Data records
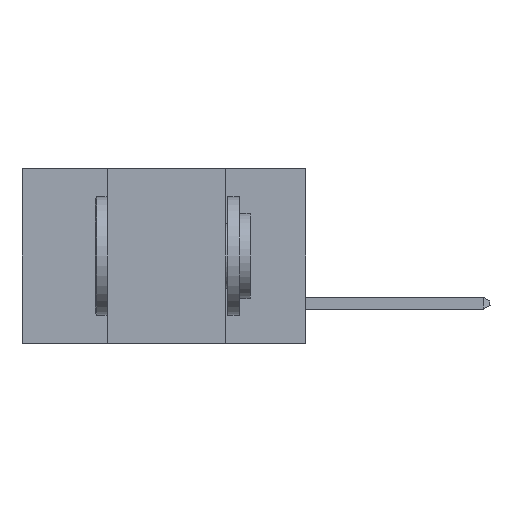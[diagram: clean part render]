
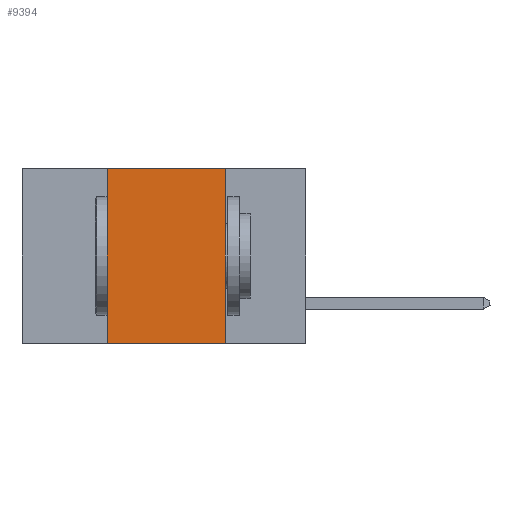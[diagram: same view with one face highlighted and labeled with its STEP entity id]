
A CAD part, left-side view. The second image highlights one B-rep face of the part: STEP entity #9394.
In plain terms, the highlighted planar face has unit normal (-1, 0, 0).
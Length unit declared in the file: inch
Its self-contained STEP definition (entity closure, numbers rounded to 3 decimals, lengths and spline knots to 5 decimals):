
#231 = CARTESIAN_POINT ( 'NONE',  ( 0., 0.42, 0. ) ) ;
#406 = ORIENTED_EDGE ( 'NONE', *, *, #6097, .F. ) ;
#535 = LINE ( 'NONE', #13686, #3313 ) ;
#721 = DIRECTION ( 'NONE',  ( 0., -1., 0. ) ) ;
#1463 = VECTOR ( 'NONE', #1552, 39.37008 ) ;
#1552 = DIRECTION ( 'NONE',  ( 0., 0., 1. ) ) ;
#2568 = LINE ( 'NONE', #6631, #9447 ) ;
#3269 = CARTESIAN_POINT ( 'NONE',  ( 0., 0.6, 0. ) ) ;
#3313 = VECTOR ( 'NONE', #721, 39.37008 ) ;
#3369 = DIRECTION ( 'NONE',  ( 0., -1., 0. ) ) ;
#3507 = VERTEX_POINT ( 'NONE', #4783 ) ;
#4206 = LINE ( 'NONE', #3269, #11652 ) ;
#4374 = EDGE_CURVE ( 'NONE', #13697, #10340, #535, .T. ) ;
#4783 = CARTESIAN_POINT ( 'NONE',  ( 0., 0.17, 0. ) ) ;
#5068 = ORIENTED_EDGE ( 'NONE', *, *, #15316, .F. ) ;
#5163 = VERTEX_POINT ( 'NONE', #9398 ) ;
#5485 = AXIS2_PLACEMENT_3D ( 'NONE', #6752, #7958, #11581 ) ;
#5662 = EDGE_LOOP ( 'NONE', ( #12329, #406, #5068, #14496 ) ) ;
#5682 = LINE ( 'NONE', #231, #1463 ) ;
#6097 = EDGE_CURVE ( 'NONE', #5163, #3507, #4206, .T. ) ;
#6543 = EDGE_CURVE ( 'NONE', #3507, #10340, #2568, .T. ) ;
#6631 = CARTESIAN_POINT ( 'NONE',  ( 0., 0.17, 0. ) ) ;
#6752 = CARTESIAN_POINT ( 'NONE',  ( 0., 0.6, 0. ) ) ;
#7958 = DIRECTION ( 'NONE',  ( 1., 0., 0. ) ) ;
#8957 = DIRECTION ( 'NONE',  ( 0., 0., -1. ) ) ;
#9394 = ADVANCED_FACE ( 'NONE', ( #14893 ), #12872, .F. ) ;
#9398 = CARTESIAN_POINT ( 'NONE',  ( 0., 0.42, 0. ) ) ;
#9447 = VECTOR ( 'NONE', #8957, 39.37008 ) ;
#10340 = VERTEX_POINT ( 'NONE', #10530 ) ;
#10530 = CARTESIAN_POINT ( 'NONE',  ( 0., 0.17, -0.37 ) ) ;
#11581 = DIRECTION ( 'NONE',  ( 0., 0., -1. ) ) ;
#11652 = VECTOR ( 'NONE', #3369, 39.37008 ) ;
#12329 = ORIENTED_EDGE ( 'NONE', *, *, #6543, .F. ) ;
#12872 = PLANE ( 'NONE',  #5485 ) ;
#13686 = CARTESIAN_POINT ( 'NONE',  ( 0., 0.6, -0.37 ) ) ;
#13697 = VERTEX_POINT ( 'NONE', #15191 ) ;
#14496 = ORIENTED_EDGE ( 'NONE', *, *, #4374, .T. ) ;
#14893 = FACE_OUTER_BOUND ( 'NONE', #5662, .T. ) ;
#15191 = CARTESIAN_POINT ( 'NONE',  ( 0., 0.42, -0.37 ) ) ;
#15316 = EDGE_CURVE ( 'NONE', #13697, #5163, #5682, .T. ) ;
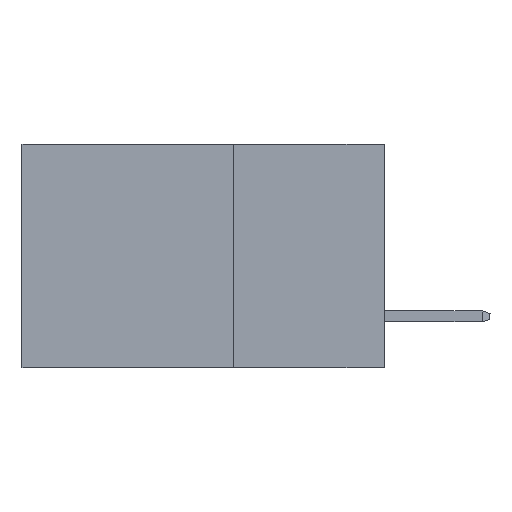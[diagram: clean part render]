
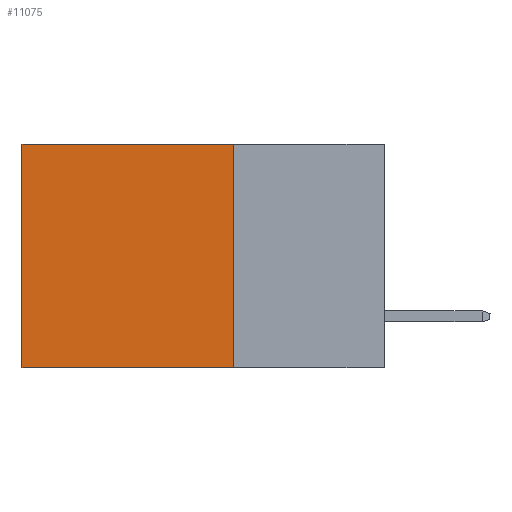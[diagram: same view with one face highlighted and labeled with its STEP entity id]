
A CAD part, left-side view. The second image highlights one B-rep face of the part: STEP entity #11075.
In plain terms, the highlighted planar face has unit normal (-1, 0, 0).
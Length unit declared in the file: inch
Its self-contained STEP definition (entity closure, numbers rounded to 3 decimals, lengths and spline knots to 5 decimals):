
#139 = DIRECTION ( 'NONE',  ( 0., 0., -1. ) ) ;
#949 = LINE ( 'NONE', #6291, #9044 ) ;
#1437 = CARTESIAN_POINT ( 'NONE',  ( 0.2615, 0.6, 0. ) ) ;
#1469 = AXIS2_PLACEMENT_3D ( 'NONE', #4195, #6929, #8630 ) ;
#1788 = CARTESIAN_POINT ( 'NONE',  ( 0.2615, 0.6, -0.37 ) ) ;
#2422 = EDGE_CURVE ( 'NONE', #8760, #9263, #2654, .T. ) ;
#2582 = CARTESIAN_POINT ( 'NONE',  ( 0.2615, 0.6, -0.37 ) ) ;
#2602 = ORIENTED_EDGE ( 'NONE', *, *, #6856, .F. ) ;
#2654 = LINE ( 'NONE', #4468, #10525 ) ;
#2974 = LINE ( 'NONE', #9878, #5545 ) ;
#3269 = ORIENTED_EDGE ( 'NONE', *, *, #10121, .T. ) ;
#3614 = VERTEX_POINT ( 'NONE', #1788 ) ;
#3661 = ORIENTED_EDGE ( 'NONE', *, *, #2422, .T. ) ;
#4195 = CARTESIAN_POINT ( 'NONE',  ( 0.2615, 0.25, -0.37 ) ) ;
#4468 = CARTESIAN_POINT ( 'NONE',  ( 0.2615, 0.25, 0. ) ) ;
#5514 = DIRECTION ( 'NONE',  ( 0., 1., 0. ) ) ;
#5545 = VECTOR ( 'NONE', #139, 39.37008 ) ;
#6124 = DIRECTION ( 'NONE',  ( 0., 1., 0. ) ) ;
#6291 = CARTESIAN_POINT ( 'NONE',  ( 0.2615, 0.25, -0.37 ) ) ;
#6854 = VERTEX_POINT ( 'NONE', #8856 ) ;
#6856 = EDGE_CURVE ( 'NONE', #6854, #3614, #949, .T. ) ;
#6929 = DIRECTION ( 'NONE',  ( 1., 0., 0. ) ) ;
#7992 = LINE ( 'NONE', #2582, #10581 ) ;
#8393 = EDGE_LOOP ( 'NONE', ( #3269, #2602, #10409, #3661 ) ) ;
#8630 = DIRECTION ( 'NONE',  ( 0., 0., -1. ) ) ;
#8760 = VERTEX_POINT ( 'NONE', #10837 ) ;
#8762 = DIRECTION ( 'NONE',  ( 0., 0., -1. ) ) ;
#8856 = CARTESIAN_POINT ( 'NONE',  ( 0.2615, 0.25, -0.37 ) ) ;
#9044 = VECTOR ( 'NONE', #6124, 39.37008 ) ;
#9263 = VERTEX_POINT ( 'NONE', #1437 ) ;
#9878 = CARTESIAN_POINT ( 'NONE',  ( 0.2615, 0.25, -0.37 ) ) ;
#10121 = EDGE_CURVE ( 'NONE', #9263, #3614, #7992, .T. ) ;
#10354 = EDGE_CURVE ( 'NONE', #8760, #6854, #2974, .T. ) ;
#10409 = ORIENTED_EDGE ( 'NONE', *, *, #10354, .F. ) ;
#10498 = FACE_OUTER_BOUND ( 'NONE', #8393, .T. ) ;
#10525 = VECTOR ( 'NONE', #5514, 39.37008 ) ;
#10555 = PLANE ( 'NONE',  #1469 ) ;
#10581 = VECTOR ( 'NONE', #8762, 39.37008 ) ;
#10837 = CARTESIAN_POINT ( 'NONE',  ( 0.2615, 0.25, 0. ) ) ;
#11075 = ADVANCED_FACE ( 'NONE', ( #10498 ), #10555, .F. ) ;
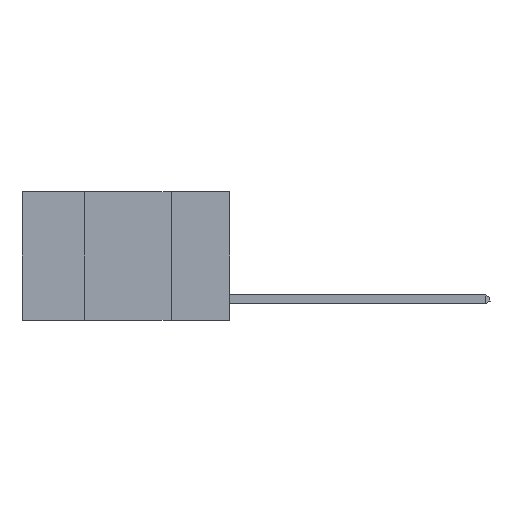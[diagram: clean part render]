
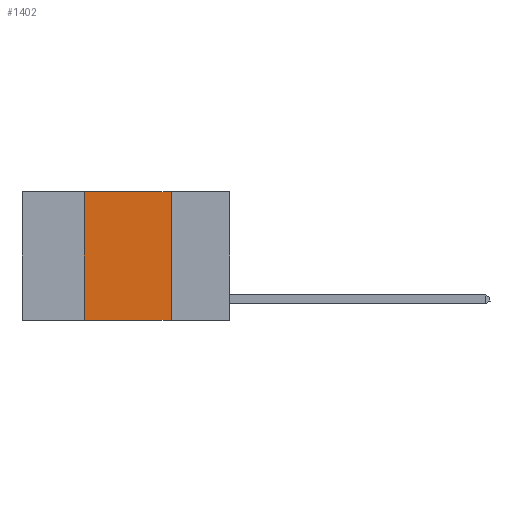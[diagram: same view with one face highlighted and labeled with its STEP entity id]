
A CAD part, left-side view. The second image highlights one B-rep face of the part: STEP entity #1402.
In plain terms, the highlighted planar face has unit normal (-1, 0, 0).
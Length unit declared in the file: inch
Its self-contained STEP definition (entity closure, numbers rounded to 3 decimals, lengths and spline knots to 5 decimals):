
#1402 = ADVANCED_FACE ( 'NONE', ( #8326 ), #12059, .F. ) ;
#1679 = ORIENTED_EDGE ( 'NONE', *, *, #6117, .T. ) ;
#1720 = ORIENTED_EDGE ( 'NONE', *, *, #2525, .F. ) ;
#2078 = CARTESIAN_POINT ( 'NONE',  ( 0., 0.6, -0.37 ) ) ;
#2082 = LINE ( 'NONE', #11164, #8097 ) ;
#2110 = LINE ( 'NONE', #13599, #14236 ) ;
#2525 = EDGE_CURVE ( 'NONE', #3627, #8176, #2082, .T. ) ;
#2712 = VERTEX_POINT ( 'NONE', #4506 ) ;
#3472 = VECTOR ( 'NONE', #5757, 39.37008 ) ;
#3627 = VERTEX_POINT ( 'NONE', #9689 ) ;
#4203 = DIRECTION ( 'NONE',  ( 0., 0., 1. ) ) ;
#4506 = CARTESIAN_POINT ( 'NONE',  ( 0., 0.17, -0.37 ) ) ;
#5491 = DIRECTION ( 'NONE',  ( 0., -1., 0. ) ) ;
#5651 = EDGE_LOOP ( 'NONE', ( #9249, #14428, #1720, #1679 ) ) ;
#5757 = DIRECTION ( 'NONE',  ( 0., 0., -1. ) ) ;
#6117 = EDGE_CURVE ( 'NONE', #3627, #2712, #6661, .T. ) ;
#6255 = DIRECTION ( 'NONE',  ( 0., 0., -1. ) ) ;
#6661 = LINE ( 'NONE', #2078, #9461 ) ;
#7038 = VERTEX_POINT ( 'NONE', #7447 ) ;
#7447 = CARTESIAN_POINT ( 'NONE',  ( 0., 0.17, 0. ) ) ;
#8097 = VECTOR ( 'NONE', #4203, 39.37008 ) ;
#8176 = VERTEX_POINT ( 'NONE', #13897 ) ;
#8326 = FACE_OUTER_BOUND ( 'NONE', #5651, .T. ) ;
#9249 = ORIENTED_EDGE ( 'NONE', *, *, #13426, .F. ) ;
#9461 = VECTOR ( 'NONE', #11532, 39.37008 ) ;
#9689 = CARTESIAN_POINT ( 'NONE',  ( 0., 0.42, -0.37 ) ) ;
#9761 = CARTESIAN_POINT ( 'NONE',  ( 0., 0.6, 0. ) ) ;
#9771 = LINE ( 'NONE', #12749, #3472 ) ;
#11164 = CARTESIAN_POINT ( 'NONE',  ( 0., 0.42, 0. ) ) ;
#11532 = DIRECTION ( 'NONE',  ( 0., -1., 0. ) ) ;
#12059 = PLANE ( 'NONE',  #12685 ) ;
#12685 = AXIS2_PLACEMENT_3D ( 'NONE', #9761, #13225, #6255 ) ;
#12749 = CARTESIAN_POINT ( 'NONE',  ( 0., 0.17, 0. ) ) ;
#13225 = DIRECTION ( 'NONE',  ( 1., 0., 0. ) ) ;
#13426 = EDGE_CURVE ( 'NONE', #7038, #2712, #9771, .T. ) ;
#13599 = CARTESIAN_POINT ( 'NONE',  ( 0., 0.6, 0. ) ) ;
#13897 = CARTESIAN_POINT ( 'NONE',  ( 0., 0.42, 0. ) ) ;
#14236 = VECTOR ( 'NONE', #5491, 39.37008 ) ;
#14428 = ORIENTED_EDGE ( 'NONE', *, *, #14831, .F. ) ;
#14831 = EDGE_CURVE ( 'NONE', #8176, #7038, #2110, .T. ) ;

# What you need to do
Give the lines above again exactly, from the one containing "#10555 = PLANE" to the one containing "#1679 = ORIENTED_EDGE", both included, but leave out the pictures.

# Response below
#10555 = PLANE ( 'NONE',  #1469 ) ;
#10581 = VECTOR ( 'NONE', #8762, 39.37008 ) ;
#10837 = CARTESIAN_POINT ( 'NONE',  ( 0.2615, 0.25, 0. ) ) ;
#11075 = ADVANCED_FACE ( 'NONE', ( #10498 ), #10555, .F. ) ;
[diagram: clean part render]
[diagram: same view with one face highlighted and labeled with its STEP entity id]
A CAD part, left-side view. The second image highlights one B-rep face of the part: STEP entity #1402.
In plain terms, the highlighted planar face has unit normal (-1, 0, 0).
Length unit declared in the file: inch
Its self-contained STEP definition (entity closure, numbers rounded to 3 decimals, lengths and spline knots to 5 decimals):
#1402 = ADVANCED_FACE ( 'NONE', ( #8326 ), #12059, .F. ) ;
#1679 = ORIENTED_EDGE ( 'NONE', *, *, #6117, .T. ) ;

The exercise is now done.